TASK DIRECTIONS. Range to output from the entries below: the line containing "#333=VECTOR('',#332,1.);" through the line containing "#341=FACE_BOUND('',#340,.T.);". Set it down exactly, ends included, nothing else.

Stored data entries

***

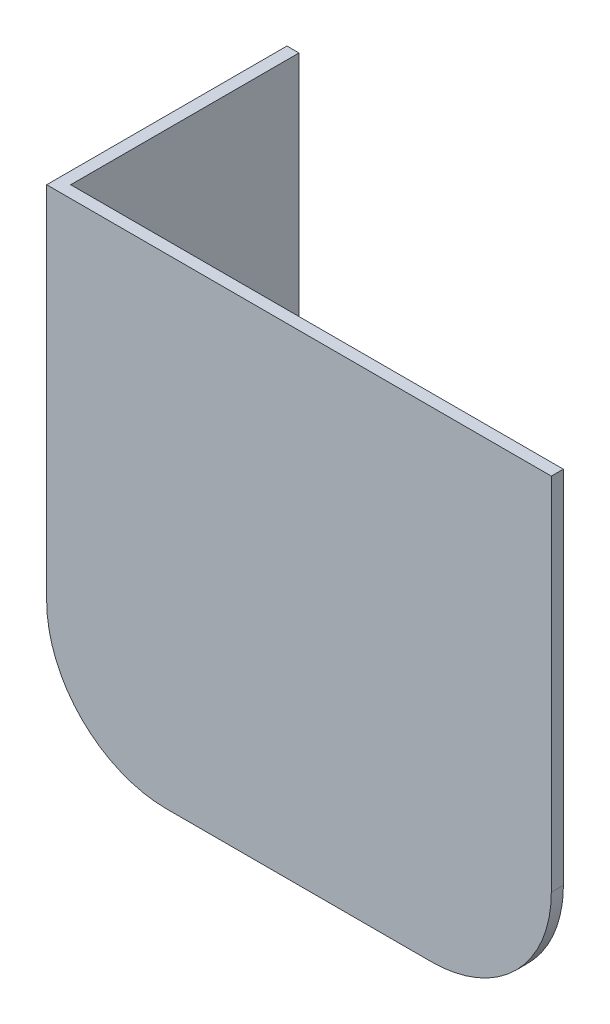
ISO-10303-21;
HEADER;
FILE_DESCRIPTION(('STEP AP214'),'2;1');
FILE_NAME('part.step','',(''),(''),'','','');
FILE_SCHEMA(('AUTOMOTIVE_DESIGN { 1 0 10303 214 1 1 1 1 }'));
ENDSEC;
DATA;
#1=APPLICATION_CONTEXT('core data for automotive mechanical design processes');
#2=APPLICATION_PROTOCOL_DEFINITION('international standard','automotive_design',2000,#1);
#3=PRODUCT_CONTEXT('',#1,'mechanical');
#4=PRODUCT('Part','Part','',(#3));
#5=PRODUCT_RELATED_PRODUCT_CATEGORY('part','',(#4));
#6=PRODUCT_DEFINITION_FORMATION('','',#4);
#7=PRODUCT_DEFINITION_CONTEXT('part definition',#1,'design');
#8=PRODUCT_DEFINITION('design','',#6,#7);
#9=PRODUCT_DEFINITION_SHAPE('','',#8);
#10=(LENGTH_UNIT() NAMED_UNIT(*) SI_UNIT(.MILLI.,.METRE.));
#11=(NAMED_UNIT(*) PLANE_ANGLE_UNIT() SI_UNIT($,.RADIAN.));
#12=(NAMED_UNIT(*) SI_UNIT($,.STERADIAN.) SOLID_ANGLE_UNIT());
#13=UNCERTAINTY_MEASURE_WITH_UNIT(LENGTH_MEASURE(1.E-05),#10,'distance_accuracy_value','');
#14=(GEOMETRIC_REPRESENTATION_CONTEXT(3) GLOBAL_UNCERTAINTY_ASSIGNED_CONTEXT((#13)) GLOBAL_UNIT_ASSIGNED_CONTEXT((#10,
#11,#12)) REPRESENTATION_CONTEXT('',''));
#15=CARTESIAN_POINT('',(0.,0.,0.));
#16=DIRECTION('',(0.,0.,1.));
#17=DIRECTION('',(1.,0.,0.));
#18=AXIS2_PLACEMENT_3D('',#15,#16,#17);
#19=CARTESIAN_POINT('',(0.,-508.,0.));
#20=DIRECTION('',(0.,0.,1.));
#21=DIRECTION('',(1.,0.,0.));
#22=AXIS2_PLACEMENT_3D('',#19,#20,#21);
#23=PLANE('',#22);
#24=DIRECTION('',(1.,0.,0.));
#25=VECTOR('',#24,1.);
#26=CARTESIAN_POINT('',(0.,-508.,0.));
#27=LINE('',#26,#25);
#28=CARTESIAN_POINT('',(127.,-508.,0.));
#29=VERTEX_POINT('',#28);
#30=CARTESIAN_POINT('',(406.4,-508.,0.));
#31=VERTEX_POINT('',#30);
#32=EDGE_CURVE('E144',#29,#31,#27,.T.);
#33=ORIENTED_EDGE('',*,*,#32,.T.);
#34=CARTESIAN_POINT('',(406.4,-381.,0.));
#35=DIRECTION('',(0.,0.,1.));
#36=DIRECTION('',(1.,0.,0.));
#37=AXIS2_PLACEMENT_3D('',#34,#35,#36);
#38=CIRCLE('',#37,127.);
#39=CARTESIAN_POINT('',(533.4,-381.,0.));
#40=VERTEX_POINT('',#39);
#41=EDGE_CURVE('E11',#31,#40,#38,.T.);
#42=ORIENTED_EDGE('',*,*,#41,.T.);
#43=DIRECTION('',(0.,1.,0.));
#44=VECTOR('',#43,1.);
#45=CARTESIAN_POINT('',(533.4,-508.,0.));
#46=LINE('',#45,#44);
#47=CARTESIAN_POINT('',(533.4,0.,0.));
#48=VERTEX_POINT('',#47);
#49=EDGE_CURVE('E142',#40,#48,#46,.T.);
#50=ORIENTED_EDGE('',*,*,#49,.T.);
#51=DIRECTION('',(1.,0.,0.));
#52=VECTOR('',#51,1.);
#53=CARTESIAN_POINT('',(0.,0.,0.));
#54=LINE('',#53,#52);
#55=CARTESIAN_POINT('',(0.,0.,0.));
#56=VERTEX_POINT('',#55);
#57=EDGE_CURVE('E127',#56,#48,#54,.T.);
#58=ORIENTED_EDGE('',*,*,#57,.F.);
#59=DIRECTION('',(0.,1.,0.));
#60=VECTOR('',#59,1.);
#61=CARTESIAN_POINT('',(0.,-508.,0.));
#62=LINE('',#61,#60);
#63=CARTESIAN_POINT('',(0.,-381.,0.));
#64=VERTEX_POINT('',#63);
#65=EDGE_CURVE('E135',#64,#56,#62,.T.);
#66=ORIENTED_EDGE('',*,*,#65,.F.);
#67=CARTESIAN_POINT('',(127.,-381.,0.));
#68=DIRECTION('',(0.,0.,1.));
#69=DIRECTION('',(1.,0.,0.));
#70=AXIS2_PLACEMENT_3D('',#67,#68,#69);
#71=CIRCLE('',#70,127.);
#72=EDGE_CURVE('E150',#64,#29,#71,.T.);
#73=ORIENTED_EDGE('',*,*,#72,.T.);
#74=EDGE_LOOP('',(#33,#42,#50,#58,#66,#73));
#75=FACE_BOUND('',#74,.T.);
#76=ADVANCED_FACE('F30',(#75),#23,.T.);
#77=CARTESIAN_POINT('',(0.,-508.,0.));
#78=DIRECTION('',(-1.,0.,0.));
#79=DIRECTION('',(0.,0.,1.));
#80=AXIS2_PLACEMENT_3D('',#77,#78,#79);
#81=PLANE('',#80);
#82=DIRECTION('',(0.,1.,0.));
#83=VECTOR('',#82,1.);
#84=CARTESIAN_POINT('',(0.,-508.,-254.));
#85=LINE('',#84,#83);
#86=CARTESIAN_POINT('',(0.,-381.,-254.));
#87=VERTEX_POINT('',#86);
#88=CARTESIAN_POINT('',(0.,0.,-254.));
#89=VERTEX_POINT('',#88);
#90=EDGE_CURVE('E133',#87,#89,#85,.T.);
#91=ORIENTED_EDGE('',*,*,#90,.F.);
#92=DIRECTION('',(0.,0.,1.));
#93=VECTOR('',#92,1.);
#94=CARTESIAN_POINT('',(0.,-381.,0.));
#95=LINE('',#94,#93);
#96=EDGE_CURVE('E147',#87,#64,#95,.T.);
#97=ORIENTED_EDGE('',*,*,#96,.T.);
#98=ORIENTED_EDGE('',*,*,#65,.T.);
#99=DIRECTION('',(0.,0.,1.));
#100=VECTOR('',#99,1.);
#101=CARTESIAN_POINT('',(0.,0.,0.));
#102=LINE('',#101,#100);
#103=EDGE_CURVE('E193',#89,#56,#102,.T.);
#104=ORIENTED_EDGE('',*,*,#103,.F.);
#105=EDGE_LOOP('',(#91,#97,#98,#104));
#106=FACE_BOUND('',#105,.T.);
#107=ADVANCED_FACE('F204',(#106),#81,.T.);
#108=CARTESIAN_POINT('',(0.,-508.,-254.));
#109=DIRECTION('',(0.,0.,-1.));
#110=DIRECTION('',(-1.,0.,0.));
#111=AXIS2_PLACEMENT_3D('',#108,#109,#110);
#112=PLANE('',#111);
#113=DIRECTION('',(-1.,0.,0.));
#114=VECTOR('',#113,1.);
#115=CARTESIAN_POINT('',(533.4,-398.78,-254.));
#116=LINE('',#115,#114);
#117=CARTESIAN_POINT('',(12.7,-398.78,-254.));
#118=VERTEX_POINT('',#117);
#119=CARTESIAN_POINT('',(1.25075904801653,-398.78,-254.));
#120=VERTEX_POINT('',#119);
#121=EDGE_CURVE('E106',#118,#120,#116,.T.);
#122=ORIENTED_EDGE('',*,*,#121,.T.);
#123=CARTESIAN_POINT('',(127.,-381.,-254.));
#124=DIRECTION('',(0.,0.,-1.));
#125=DIRECTION('',(-1.,0.,0.));
#126=AXIS2_PLACEMENT_3D('',#123,#124,#125);
#127=CIRCLE('',#126,127.);
#128=EDGE_CURVE('E159',#120,#87,#127,.T.);
#129=ORIENTED_EDGE('',*,*,#128,.T.);
#130=ORIENTED_EDGE('',*,*,#90,.T.);
#131=DIRECTION('',(-1.,0.,0.));
#132=VECTOR('',#131,1.);
#133=CARTESIAN_POINT('',(0.,0.,-254.));
#134=LINE('',#133,#132);
#135=CARTESIAN_POINT('',(12.7,0.,-254.));
#136=VERTEX_POINT('',#135);
#137=EDGE_CURVE('E131',#136,#89,#134,.T.);
#138=ORIENTED_EDGE('',*,*,#137,.F.);
#139=DIRECTION('',(0.,1.,0.));
#140=VECTOR('',#139,1.);
#141=CARTESIAN_POINT('',(12.7,-508.,-254.));
#142=LINE('',#141,#140);
#143=EDGE_CURVE('E124',#118,#136,#142,.T.);
#144=ORIENTED_EDGE('',*,*,#143,.F.);
#145=EDGE_LOOP('',(#122,#129,#130,#138,#144));
#146=FACE_BOUND('',#145,.T.);
#147=ADVANCED_FACE('F129',(#146),#112,.T.);
#148=CARTESIAN_POINT('',(12.7,-508.,-254.));
#149=DIRECTION('',(1.,0.,0.));
#150=DIRECTION('',(0.,0.,-1.));
#151=AXIS2_PLACEMENT_3D('',#148,#149,#150);
#152=PLANE('',#151);
#153=DIRECTION('',(0.,0.,1.));
#154=VECTOR('',#153,1.);
#155=CARTESIAN_POINT('',(12.7,-398.78,-254.));
#156=LINE('',#155,#154);
#157=CARTESIAN_POINT('',(12.7,-398.78,-12.7));
#158=VERTEX_POINT('',#157);
#159=EDGE_CURVE('E110',#118,#158,#156,.T.);
#160=ORIENTED_EDGE('',*,*,#159,.F.);
#161=ORIENTED_EDGE('',*,*,#143,.T.);
#162=DIRECTION('',(0.,0.,-1.));
#163=VECTOR('',#162,1.);
#164=CARTESIAN_POINT('',(12.7,0.,-254.));
#165=LINE('',#164,#163);
#166=CARTESIAN_POINT('',(12.7,0.,-12.7));
#167=VERTEX_POINT('',#166);
#168=EDGE_CURVE('E199',#167,#136,#165,.T.);
#169=ORIENTED_EDGE('',*,*,#168,.F.);
#170=DIRECTION('',(0.,1.,0.));
#171=VECTOR('',#170,1.);
#172=CARTESIAN_POINT('',(12.7,-508.,-12.7));
#173=LINE('',#172,#171);
#174=EDGE_CURVE('E126',#158,#167,#173,.T.);
#175=ORIENTED_EDGE('',*,*,#174,.F.);
#176=EDGE_LOOP('',(#160,#161,#169,#175));
#177=FACE_BOUND('',#176,.T.);
#178=ADVANCED_FACE('F122',(#177),#152,.T.);
#179=CARTESIAN_POINT('',(12.7,-508.,-12.7));
#180=DIRECTION('',(0.,0.,-1.));
#181=DIRECTION('',(-1.,0.,0.));
#182=AXIS2_PLACEMENT_3D('',#179,#180,#181);
#183=PLANE('',#182);
#184=DIRECTION('',(0.,1.,0.));
#185=VECTOR('',#184,1.);
#186=CARTESIAN_POINT('',(533.4,-508.,-12.7));
#187=LINE('',#186,#185);
#188=CARTESIAN_POINT('',(533.4,-381.,-12.7));
#189=VERTEX_POINT('',#188);
#190=CARTESIAN_POINT('',(533.4,0.,-12.7));
#191=VERTEX_POINT('',#190);
#192=EDGE_CURVE('E137',#189,#191,#187,.T.);
#193=ORIENTED_EDGE('',*,*,#192,.F.);
#194=CARTESIAN_POINT('',(406.4,-381.,-12.7));
#195=DIRECTION('',(0.,0.,-1.));
#196=DIRECTION('',(-1.,0.,0.));
#197=AXIS2_PLACEMENT_3D('',#194,#195,#196);
#198=CIRCLE('',#197,127.);
#199=CARTESIAN_POINT('',(532.149240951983,-398.78,-12.7));
#200=VERTEX_POINT('',#199);
#201=EDGE_CURVE('E164',#189,#200,#198,.T.);
#202=ORIENTED_EDGE('',*,*,#201,.T.);
#203=DIRECTION('',(1.,0.,0.));
#204=VECTOR('',#203,1.);
#205=CARTESIAN_POINT('',(12.7,-398.78,-12.7));
#206=LINE('',#205,#204);
#207=EDGE_CURVE('E117',#158,#200,#206,.T.);
#208=ORIENTED_EDGE('',*,*,#207,.F.);
#209=ORIENTED_EDGE('',*,*,#174,.T.);
#210=DIRECTION('',(-1.,0.,0.));
#211=VECTOR('',#210,1.);
#212=CARTESIAN_POINT('',(12.7,0.,-12.7));
#213=LINE('',#212,#211);
#214=EDGE_CURVE('E188',#191,#167,#213,.T.);
#215=ORIENTED_EDGE('',*,*,#214,.F.);
#216=EDGE_LOOP('',(#193,#202,#208,#209,#215));
#217=FACE_BOUND('',#216,.T.);
#218=ADVANCED_FACE('F211',(#217),#183,.T.);
#219=CARTESIAN_POINT('',(533.4,-508.,-12.7));
#220=DIRECTION('',(1.,0.,0.));
#221=DIRECTION('',(0.,0.,-1.));
#222=AXIS2_PLACEMENT_3D('',#219,#220,#221);
#223=PLANE('',#222);
#224=ORIENTED_EDGE('',*,*,#49,.F.);
#225=DIRECTION('',(0.,0.,-1.));
#226=VECTOR('',#225,1.);
#227=CARTESIAN_POINT('',(533.4,-381.,-12.7));
#228=LINE('',#227,#226);
#229=EDGE_CURVE('E161',#40,#189,#228,.T.);
#230=ORIENTED_EDGE('',*,*,#229,.T.);
#231=ORIENTED_EDGE('',*,*,#192,.T.);
#232=DIRECTION('',(0.,0.,-1.));
#233=VECTOR('',#232,1.);
#234=CARTESIAN_POINT('',(533.4,0.,-12.7));
#235=LINE('',#234,#233);
#236=EDGE_CURVE('E183',#48,#191,#235,.T.);
#237=ORIENTED_EDGE('',*,*,#236,.F.);
#238=EDGE_LOOP('',(#224,#230,#231,#237));
#239=FACE_BOUND('',#238,.T.);
#240=ADVANCED_FACE('F180',(#239),#223,.T.);
#241=CARTESIAN_POINT('',(533.4,-508.,0.));
#242=DIRECTION('',(0.,-1.,0.));
#243=DIRECTION('',(0.,0.,-1.));
#244=AXIS2_PLACEMENT_3D('',#241,#242,#243);
#245=PLANE('',#244);
#246=DIRECTION('',(-1.,0.,0.));
#247=VECTOR('',#246,1.);
#248=CARTESIAN_POINT('',(533.4,-508.,-12.6959141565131));
#249=LINE('',#248,#247);
#250=CARTESIAN_POINT('',(406.4,-508.,-12.6959141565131));
#251=VERTEX_POINT('',#250);
#252=CARTESIAN_POINT('',(127.,-508.,-12.6959141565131));
#253=VERTEX_POINT('',#252);
#254=EDGE_CURVE('E145',#251,#253,#249,.T.);
#255=ORIENTED_EDGE('',*,*,#254,.F.);
#256=DIRECTION('',(0.,0.,-1.));
#257=VECTOR('',#256,1.);
#258=CARTESIAN_POINT('',(406.4,-508.,0.));
#259=LINE('',#258,#257);
#260=EDGE_CURVE('E38',#251,#31,#259,.F.);
#261=ORIENTED_EDGE('',*,*,#260,.T.);
#262=ORIENTED_EDGE('',*,*,#32,.F.);
#263=DIRECTION('',(0.,0.,1.));
#264=VECTOR('',#263,1.);
#265=CARTESIAN_POINT('',(127.,-508.,0.));
#266=LINE('',#265,#264);
#267=EDGE_CURVE('E152',#29,#253,#266,.F.);
#268=ORIENTED_EDGE('',*,*,#267,.T.);
#269=EDGE_LOOP('',(#255,#261,#262,#268));
#270=FACE_BOUND('',#269,.T.);
#271=ADVANCED_FACE('F208',(#270),#245,.T.);
#272=CARTESIAN_POINT('',(533.4,0.,0.));
#273=DIRECTION('',(0.,-1.,0.));
#274=DIRECTION('',(0.,0.,-1.));
#275=AXIS2_PLACEMENT_3D('',#272,#273,#274);
#276=PLANE('',#275);
#277=ORIENTED_EDGE('',*,*,#57,.T.);
#278=ORIENTED_EDGE('',*,*,#236,.T.);
#279=ORIENTED_EDGE('',*,*,#214,.T.);
#280=ORIENTED_EDGE('',*,*,#168,.T.);
#281=ORIENTED_EDGE('',*,*,#137,.T.);
#282=ORIENTED_EDGE('',*,*,#103,.T.);
#283=EDGE_LOOP('',(#277,#278,#279,#280,#281,#282));
#284=FACE_BOUND('',#283,.T.);
#285=ADVANCED_FACE('F191',(#284),#276,.F.);
#286=CARTESIAN_POINT('',(533.4,-525.78,-12.6959141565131));
#287=DIRECTION('',(0.,0.,1.));
#288=DIRECTION('',(1.,0.,0.));
#289=AXIS2_PLACEMENT_3D('',#286,#287,#288);
#290=PLANE('',#289);
#291=DIRECTION('',(-1.,0.,0.));
#292=VECTOR('',#291,1.);
#293=CARTESIAN_POINT('',(533.4,-398.78,-12.6959141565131));
#294=LINE('',#293,#292);
#295=CARTESIAN_POINT('',(532.149240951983,-398.78,-12.6959141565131));
#296=VERTEX_POINT('',#295);
#297=CARTESIAN_POINT('',(1.25075904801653,-398.78,-12.6959141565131));
#298=VERTEX_POINT('',#297);
#299=EDGE_CURVE('E118',#296,#298,#294,.T.);
#300=ORIENTED_EDGE('',*,*,#299,.F.);
#301=CARTESIAN_POINT('',(406.4,-381.,-12.6959141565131));
#302=DIRECTION('',(0.,0.,1.));
#303=DIRECTION('',(1.,0.,0.));
#304=AXIS2_PLACEMENT_3D('',#301,#302,#303);
#305=CIRCLE('',#304,127.);
#306=EDGE_CURVE('E52',#296,#251,#305,.F.);
#307=ORIENTED_EDGE('',*,*,#306,.T.);
#308=ORIENTED_EDGE('',*,*,#254,.T.);
#309=CARTESIAN_POINT('',(127.,-381.,-12.6959141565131));
#310=DIRECTION('',(0.,0.,1.));
#311=DIRECTION('',(1.,0.,0.));
#312=AXIS2_PLACEMENT_3D('',#309,#310,#311);
#313=CIRCLE('',#312,127.);
#314=EDGE_CURVE('E155',#253,#298,#313,.F.);
#315=ORIENTED_EDGE('',*,*,#314,.T.);
#316=EDGE_LOOP('',(#300,#307,#308,#315));
#317=FACE_BOUND('',#316,.T.);
#318=ADVANCED_FACE('F170',(#317),#290,.F.);
#319=CARTESIAN_POINT('',(533.4,-398.78,-12.6959141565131));
#320=DIRECTION('',(0.,1.,0.));
#321=DIRECTION('',(0.,0.,1.));
#322=AXIS2_PLACEMENT_3D('',#319,#320,#321);
#323=PLANE('',#322);
#324=ORIENTED_EDGE('',*,*,#207,.T.);
#325=DIRECTION('',(0.,0.,-1.));
#326=VECTOR('',#325,1.);
#327=CARTESIAN_POINT('',(532.149240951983,-398.78,-12.7));
#328=LINE('',#327,#326);
#329=EDGE_CURVE('E166',#200,#296,#328,.F.);
#330=ORIENTED_EDGE('',*,*,#329,.T.);
#331=ORIENTED_EDGE('',*,*,#299,.T.);
#332=DIRECTION('',(0.,0.,1.));
#333=VECTOR('',#332,1.);
#334=CARTESIAN_POINT('',(1.2507590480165,-398.78,-12.6959141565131));
#335=LINE('',#334,#333);
#336=EDGE_CURVE('E113',#298,#120,#335,.F.);
#337=ORIENTED_EDGE('',*,*,#336,.T.);
#338=ORIENTED_EDGE('',*,*,#121,.F.);
#339=ORIENTED_EDGE('',*,*,#159,.T.);
#340=EDGE_LOOP('',(#324,#330,#331,#337,#338,#339));
#341=FACE_BOUND('',#340,.T.);
#342=ADVANCED_FACE('F109',(#341),#323,.F.);
#343=CARTESIAN_POINT('',(127.,-381.,0.));
#344=DIRECTION('',(0.,0.,1.));
#345=DIRECTION('',(1.,0.,0.));
#346=AXIS2_PLACEMENT_3D('',#343,#344,#345);
#347=CYLINDRICAL_SURFACE('',#346,127.);
#348=ORIENTED_EDGE('',*,*,#314,.F.);
#349=ORIENTED_EDGE('',*,*,#267,.F.);
#350=ORIENTED_EDGE('',*,*,#72,.F.);
#351=ORIENTED_EDGE('',*,*,#96,.F.);
#352=ORIENTED_EDGE('',*,*,#128,.F.);
#353=ORIENTED_EDGE('',*,*,#336,.F.);
#354=EDGE_LOOP('',(#348,#349,#350,#351,#352,#353));
#355=FACE_BOUND('',#354,.T.);
#356=ADVANCED_FACE('F209',(#355),#347,.T.);
#357=CARTESIAN_POINT('',(406.4,-381.,-12.7));
#358=DIRECTION('',(0.,0.,-1.));
#359=DIRECTION('',(-1.,0.,0.));
#360=AXIS2_PLACEMENT_3D('',#357,#358,#359);
#361=CYLINDRICAL_SURFACE('',#360,127.);
#362=ORIENTED_EDGE('',*,*,#41,.F.);
#363=ORIENTED_EDGE('',*,*,#260,.F.);
#364=ORIENTED_EDGE('',*,*,#306,.F.);
#365=ORIENTED_EDGE('',*,*,#329,.F.);
#366=ORIENTED_EDGE('',*,*,#201,.F.);
#367=ORIENTED_EDGE('',*,*,#229,.F.);
#368=EDGE_LOOP('',(#362,#363,#364,#365,#366,#367));
#369=FACE_BOUND('',#368,.T.);
#370=ADVANCED_FACE('F32',(#369),#361,.T.);
#371=CLOSED_SHELL('',(#76,#107,#147,#178,#218,#240,#271,#285,#318,#342,#356,#370));
#372=MANIFOLD_SOLID_BREP('B2',#371);
#373=ADVANCED_BREP_SHAPE_REPRESENTATION('',(#18,#372),#14);
#374=SHAPE_DEFINITION_REPRESENTATION(#9,#373);
ENDSEC;
END-ISO-10303-21;

***

SOLUTION TO THE PROBLEM.
#333=VECTOR('',#332,1.);
#334=CARTESIAN_POINT('',(1.2507590480165,-398.78,-12.6959141565131));
#335=LINE('',#334,#333);
#336=EDGE_CURVE('E113',#298,#120,#335,.F.);
#337=ORIENTED_EDGE('',*,*,#336,.T.);
#338=ORIENTED_EDGE('',*,*,#121,.F.);
#339=ORIENTED_EDGE('',*,*,#159,.T.);
#340=EDGE_LOOP('',(#324,#330,#331,#337,#338,#339));
#341=FACE_BOUND('',#340,.T.);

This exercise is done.